As they near the ocean passages, the hopeful mood is shattered by gunfire. Armed men guard the exit. Bob King receives a bullet injury in the ambush. The attack triggers Carl’s memory: the wreckers are not figures of legend but modern-day criminals using the caves to hide their activities. Trapped between the gunmen and impassable tunnels, the boys barricade themselves and tend to Bob's wound. In a desperate move, Bill Hoe, Crazy Carl, and Monster slip away into the darkness on a mission to find another way out or confront their enemies. And that is it. Lafferty abandoned it. But he did not stop thinking about caves.

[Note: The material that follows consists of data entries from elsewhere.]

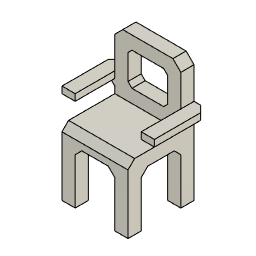
Demonstrationsmodell Kurs 3D-skrivare v3 (Autodesk Fusion 360 design; units mm, degrees)
Autodesk Fusion 360 part; units mm, degrees
sketch "Sketch1" plane through (0, 0, 0) normal (0, 0, 1) x (1, 0, 0) in component "Chair Brutaliste"
  line L0 (0, 0) -> (10, 0)
  line L1 (10, 0) -> (10, 10)
  line L2 (10, 10) -> (0, 10)
  line L3 (0, 10) -> (0, 0)
  line L4 (0, 0) -> (50, 0) construction
  line L5 (50, 0) -> (50, 50) construction
  line L6 (50, 50) -> (0, 50) construction
  line L7 (50, 0) -> (40, 0)
  line L8 (40, 0) -> (40, 10)
  line L9 (40, 10) -> (50, 10)
  line L10 (50, 10) -> (50, 0)
  line L11 (50, 50) -> (40, 50)
  line L12 (40, 50) -> (40, 40)
  line L13 (40, 40) -> (50, 40)
  line L14 (50, 40) -> (50, 50)
  line L15 (0, 50) -> (10, 50)
  line L16 (10, 50) -> (10, 40)
  line L17 (10, 40) -> (0, 40)
  line L18 (0, 40) -> (0, 50)
  dimension "d1" = 10
  dimension "d2" = 50
  constraint horizontal L0
  constraint vertical L1
  constraint horizontal L2
  constraint vertical L3
  constraint coincident L0.start L3.end
  constraint equal L1 L2
  constraint perpendicular L3 L4
  constraint perpendicular L4 L5
  constraint perpendicular L5 L6
  constraint horizontal L7
  constraint vertical L8
  constraint horizontal L9
  constraint vertical L10
  constraint horizontal L11
  constraint vertical L12
  constraint horizontal L13
  constraint vertical L14
  constraint horizontal L15
  constraint vertical L16
  constraint horizontal L17
  constraint vertical L18
  constraint equal L16 L17
  constraint equal L12 L13
  constraint equal L8 L9
  constraint equal L1 L8
  constraint equal L9 L13
  constraint equal L13 L16
  constraint equal L4 L6
  constraint equal L4 L5
  measures "d1" distance of L0.start L0.end
  measures "d2" distance of L0.start L4.end
extrude "Extrude1" add sketch "Sketch1" along normal blind 40 makes body 1 at (3.3333, 50, 13.3333) makes body 2 at (0, 6.6667, 13.3333) makes body 3 at (50, 43.3333, 13.3333) makes body 4 at (43.3333, 10, 13.3333) in component "Chair Brutaliste"
sketch "Sketch2" plane through (0, 0, 40) normal (0, 0, 1) x (-1, 0, 0) in component "Chair Brutaliste"
  line L0 (-50, -10) -> (-40, -10)
  line L1 (-40, -10) -> (-40, 0)
  line L2 (-40, 0) -> (-50, 0)
  line L3 (-50, 0) -> (-50, -10)
  line L4 (-50, -50) -> (0, -50)
  line L5 (0, -50) -> (0, 0)
  line L6 (0, 0) -> (-50, 0)
  line L7 (-50, 0) -> (-50, -50)
  constraint horizontal L4
  constraint vertical L5
  constraint horizontal L6
  constraint vertical L7
  constraint coincident L5.end L6.start
extrude "Extrude2" add sketch "Sketch2" along normal blind 10 bodies 1 2 3 4 in component "Chair Brutaliste"
sketch "Sketch3" plane through (50, 0, 0) normal (1, 0, 0) x (0, 1, 0) in component "Chair Brutaliste"
  line L0 (40, 0) -> (50, 0)
  line L1 (50, 0) -> (50, 50)
  line L2 (50, 50) -> (0, 50)
  line L3 (0, 50) -> (0, 0)
  line L4 (0, 0) -> (10, 0)
  line L5 (10, 0) -> (10, 40)
  line L6 (10, 40) -> (40, 40)
  line L7 (40, 40) -> (40, 0)
  line L8 (50, 50) -> (40, 50)
  line L9 (40, 50) -> (40, 95)
  line L10 (40, 95) -> (50, 95)
  line L11 (50, 95) -> (50, 50)
  dimension "d8" = 10
  dimension "d9" = 45
  constraint horizontal L8
  constraint vertical L9
  constraint horizontal L10
  constraint vertical L11
  constraint coincident L1.end L2.start
  measures "d8" distance of L1.end L8.end
  measures "d9" distance of L1.end L10.end
extrude "Extrude3" add sketch "Sketch3" against normal up to surface (50 mm away) contours L2 L8 L9 L10 L11 bodies 1 in component "Chair Brutaliste"
sketch "Sketch4" plane through (0, 40, 0) normal (0, -1, 0) x (1, 0, 0) in component "Chair Brutaliste"
  line L0 (0, 95) -> (0, 50)
  line L1 (0, 50) -> (50, 50)
  line L2 (50, 50) -> (50, 95)
  line L3 (50, 95) -> (0, 95)
  line L4 (10, 60) -> (40, 60)
  line L5 (40, 60) -> (40, 85)
  line L6 (40, 85) -> (10, 85)
  line L7 (10, 85) -> (10, 60)
  dimension "d13" = -10
extrude "Extrude4" cut sketch "Sketch4" against normal up to surface (10 mm away) contours L4 L5 L6 L7 bodies 1 in component "Chair Brutaliste"
chamfer "Chamfer2" distance 5 angle 45 8 edges at (10, 45, 40) (10, 5, 40) (40, 45, 40) (40, 5, 40) (5, 40, 40) (5, 10, 40) (45, 40, 40) (45, 10, 40) on bodies 1 in component "Chair Brutaliste"
chamfer "Chamfer3" distance 3 angle 45 4 edges at (40, 45, 85) (10, 45, 85) (10, 45, 60) (40, 45, 60) on bodies 1 in component "Chair Brutaliste"
chamfer "Chamfer4" distance 6 angle 45 2 edges at (50, 45, 95) (0, 45, 95) on bodies 1 in component "Chair Brutaliste"
sketch "Sketch5" plane through (50, 0, 0) normal (1, 0, 0) x (0, 1, 0) in component "Chair Brutaliste"
  line L0 (50, 89) -> (40, 89)
  line L1 (40, 89) -> (40, 50)
  line L2 (40, 50) -> (0, 50)
  line L3 (0, 50) -> (0, 0)
  line L4 (0, 0) -> (10, 0)
  line L5 (10, 0) -> (10, 35)
  line L6 (10, 35) -> (15, 40)
  line L7 (15, 40) -> (35, 40)
  line L8 (35, 40) -> (40, 35)
  line L9 (40, 35) -> (40, 0)
  line L10 (40, 0) -> (50, 0)
  line L11 (50, 0) -> (50, 89)
  line L12 (40, 50) -> (40, 60) construction
  line L13 (40, 60) -> (40, 65)
  line L14 (40, 60) -> (50, 60)
  line L15 (40, 65) -> (50, 65)
  line L16 (50, 60) -> (50, 65)
  dimension "d19" = 5
  dimension "d20" = 10
  constraint coincident L1.end L2.start
  constraint coincident L1 L12.end
  constraint perpendicular L2 L12
  constraint coincident L1 L13.end
  constraint parallel L1 L13
  constraint coincident L11 L14.end
  constraint perpendicular L11 L14
  constraint coincident L11 L15.end
  constraint perpendicular L11 L15
  measures "d19" distance of L12.end L13.end
  measures "d20" distance of L1.end L12.end
extrude "Extrude5" add sketch "Sketch5" along normal blind 10 contours L1 L11 L13 L14 L15 L16 bodies 1 in component "Chair Brutaliste"
sketch "Sketch6" plane through (0, 40, 0) normal (0, -1, 0) x (1, 0, 0) in component "Chair Brutaliste"
  line L0 (13, 85) -> (37, 85)
  line L1 (37, 85) -> (40, 82)
  line L2 (40, 82) -> (40, 63)
  line L3 (40, 63) -> (37, 60)
  line L4 (37, 60) -> (13, 60)
  line L5 (13, 60) -> (10, 63)
  line L6 (10, 63) -> (10, 82)
  line L7 (10, 82) -> (13, 85)
  line L8 (6, 95) -> (0, 89)
  line L9 (0, 89) -> (0, 50)
  line L10 (0, 50) -> (50, 50)
  line L11 (50, 50) -> (50, 60)
  line L12 (50, 60) -> (60, 60)
  line L13 (60, 60) -> (60, 65)
  line L14 (60, 65) -> (50, 65)
  line L15 (50, 65) -> (50, 89)
  line L16 (50, 89) -> (44, 95)
  line L17 (44, 95) -> (6, 95)
  line L18 (50, 65) -> (50, 60)
  constraint coincident L14.end L15.start
  constraint coincident L11.end L12.start
extrude "Extrude6" add sketch "Sketch6" along normal blind 30 contours L12 L13 L14 L18 bodies 1 in component "Chair Brutaliste"
ref_plane "WorkPlane1" through (25, 25, 44.5) normal (-1, 0, 0) x (0, -1, 0) in component "Chair Brutaliste"
mirror "Mirror1" about plane through (25, 25, 44.5) normal (-1, 0, 0) of "Extrude5" in component "Chair Brutaliste"
sketch "Sketch7" plane through (0, 40, 0) normal (0, -1, 0) x (1, 0, 0) in component "Chair Brutaliste"
  line L0 (50, 60) -> (50, 65)
  line L1 (50, 65) -> (50, 89)
  line L2 (50, 89) -> (44, 95)
  line L3 (44, 95) -> (6, 95)
  line L4 (6, 95) -> (0, 89)
  line L5 (0, 89) -> (0, 65)
  line L6 (0, 65) -> (-10, 65)
  line L7 (-10, 65) -> (-10, 60)
  line L8 (-10, 60) -> (0, 60)
  line L9 (0, 60) -> (0, 50)
  line L10 (0, 50) -> (50, 50)
  line L11 (13, 85) -> (37, 85)
  line L12 (37, 85) -> (40, 82)
  line L13 (40, 82) -> (40, 63)
  line L14 (40, 63) -> (37, 60)
  line L15 (37, 60) -> (13, 60)
  line L16 (13, 60) -> (10, 63)
  line L17 (10, 63) -> (10, 82)
  line L18 (10, 82) -> (13, 85)
  line L19 (0, 65) -> (0, 60)
  line L20 (50, 50) -> (50, 60)
  constraint coincident L5.end L6.start
  constraint coincident L8.end L9.start
extrude "Extrude7" add sketch "Sketch7" along normal up to surface (30 mm away) contours L6 L7 L8 L19 bodies 1 in component "Chair Brutaliste"
chamfer "Chamfer6" distance 5 angle 45 1 edges at (25, 0, 50) on bodies 1 in component "Chair Brutaliste"
chamfer "Chamfer7" distance 5 angle 45 2 edges at (60, 50, 62.5) (-10, 50, 62.5) on bodies 1 in component "Chair Brutaliste"
chamfer "Chamfer8" distance 5 angle 45 2 edges at (50, 45, 60) (0, 45, 60) on bodies 1 in component "Chair Brutaliste"
component "Chair Brutaliste" placed x (1, 0, 0) y (0, 1, 0) z (0, 0, 1) at (0, 0, 0)
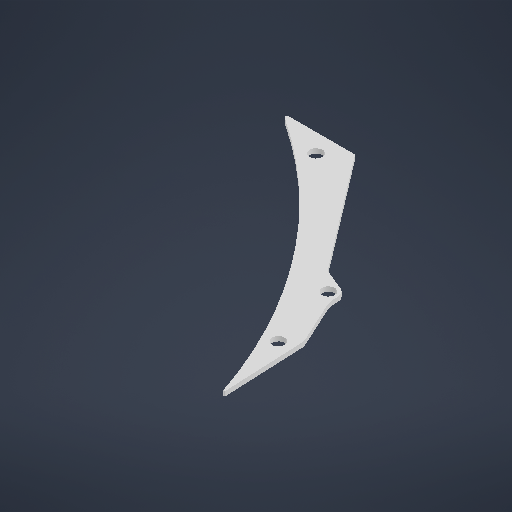
# Autodesk Inventor part: ramptest
Saved by Autodesk Inventor 2025.2 (Build 292293000, 293)
## iProperties
Created: 2025-04-12
Part Number: ramptest
Material: Generic
Document SubType Name: Modeling
Designer: Jahan
Density: 1 g/cm^3
Appearance: Default
Author: Jahan
Autodesk Inventor part; units mm, degrees
ref_plane "YZ Plane" through (0, 0, 0) normal (1, 0, 0) x (0, 1, 0)
ref_plane "XZ Plane" through (0, 0, 0) normal (0, 1, 0) x (-1, 0, 0)
ref_plane "XY Plane" through (0, 0, 0) normal (0, 0, 1) x (1, 0, 0)
sketch "Sketch1" plane through (0, 0, 0) normal (0, 1, 0) x (-1, 0, 0)
  line L0 (-8.6783, 63.9266) -> (-7.4672, 37.0366)
  arc A0 (-7.4665, 37.0351) -> (-7.2437, 35.3675) centre (-1.1165, 37.0351) ccw
  arc A1 (-8.0603, 64.0426) -> (-8.6783, 63.9266) centre (-8.3611, 63.9409) ccw
  circle A2 centre (46.3644, -22.1415) radius 2.1844
  circle A3 centre (-3.0025, 40.1702) radius 2.1844
  circle A4 centre (3.2141, 16.7955) radius 2.1844
  arc A5 (61.9811, -28.4915) -> (62.3312, -27.3267) centre (61.9811, -27.8565) ccw
  arc A6 (-8.0603, 64.0426) -> (62.3312, -27.3267) centre (160.3691, 121.002) ccw
  line L1 (3.2141, 16.7955) -> (7.9766, 16.7955) construction
  line L2 (-0.9427, 21.666) -> (-7.2437, 35.3675)
  arc A7 (0.0392, 16.7937) -> (-0.9427, 21.666) centre (-10.7551, 17.1535) ccw
  arc A8 (0.0392, 16.7937) -> (3.2141, 13.6205) centre (3.1101, 16.6914) ccw
  arc A9 (39.2923, -28.4027) -> (39.6161, -28.4915) centre (39.6161, -27.8565) ccw
  line L3 (61.9811, -28.4915) -> (39.6161, -28.4915)
  line L4 (1.9543, 13.8444) -> (9.4601, 10.7972)
  line L5 (9.4601, 10.7972) -> (39.2923, -28.4027)
  point P0 (0, 0)
  dimension "d5" = 4.3688
  dimension "d9" = 4.3688
  dimension "d10" = 4.3688
  dimension "d12" = 0.635
  dimension "d26" = 0.635
  constraints: 15 point on circle, 12 end point, 10 centre point, 4 tangent, 2 horizontal, 1 other
  measures "d5" diameter of A2
  measures "d9" diameter of A3
  measures "d10" diameter of A4
  measures "d12" radius of A5
  measures "d26" radius of A9
extrude "Extrusion2" add sketch "Sketch1" along normal blind 1.5875
body "Solid2"

To me, this reaches its fullest expression in the Penandrew brothers, and in John Penandrew’s compelling arc in In a Green Tree. Little David can be overwhelmed by cave-like spaces. His psychological weakness is revealed most clearly in his breakdown at the deep Brick Pit. John, by contrast, is perhaps a little too at home in the underworld. He creates his own secret club-cave and even places David’s ghost inside it. All of this foreshadows the later strangeness of John and the eerie events at Harrow Street, a place readers know from “The All-At-Once Man,” but which also figures in the In a Green Tree material. Harrow House is itself a mysterious cave, with strange specifications. Whereas early in In a Green Tree David looks to be the Penandrew brother who is willingly contained by the cave, with John appearing completely in control, this changes. By the end of the series, things are far more complicated. Long before any of that came about there were happier days. Let’s end with them:


And John's cave was the only one in the neighborhood that had a genuine ghost in it. This was the ghost of David Penandrew, John's dead brother. David's ghost was said to be quite at his ease in that cave, though quite nervous on his rare appearances in other places. John had telephones in the cave, and a telephone in the attic of the house, and one deep in the walls somewhere. One calling those phones would get some strange and spooky answers. It seemed to be an old crazy man who answered the phone in the attic. He said that he had been a prisoner up there for many years. And it was some species of animal that always answered the phone that was within the walls of the house.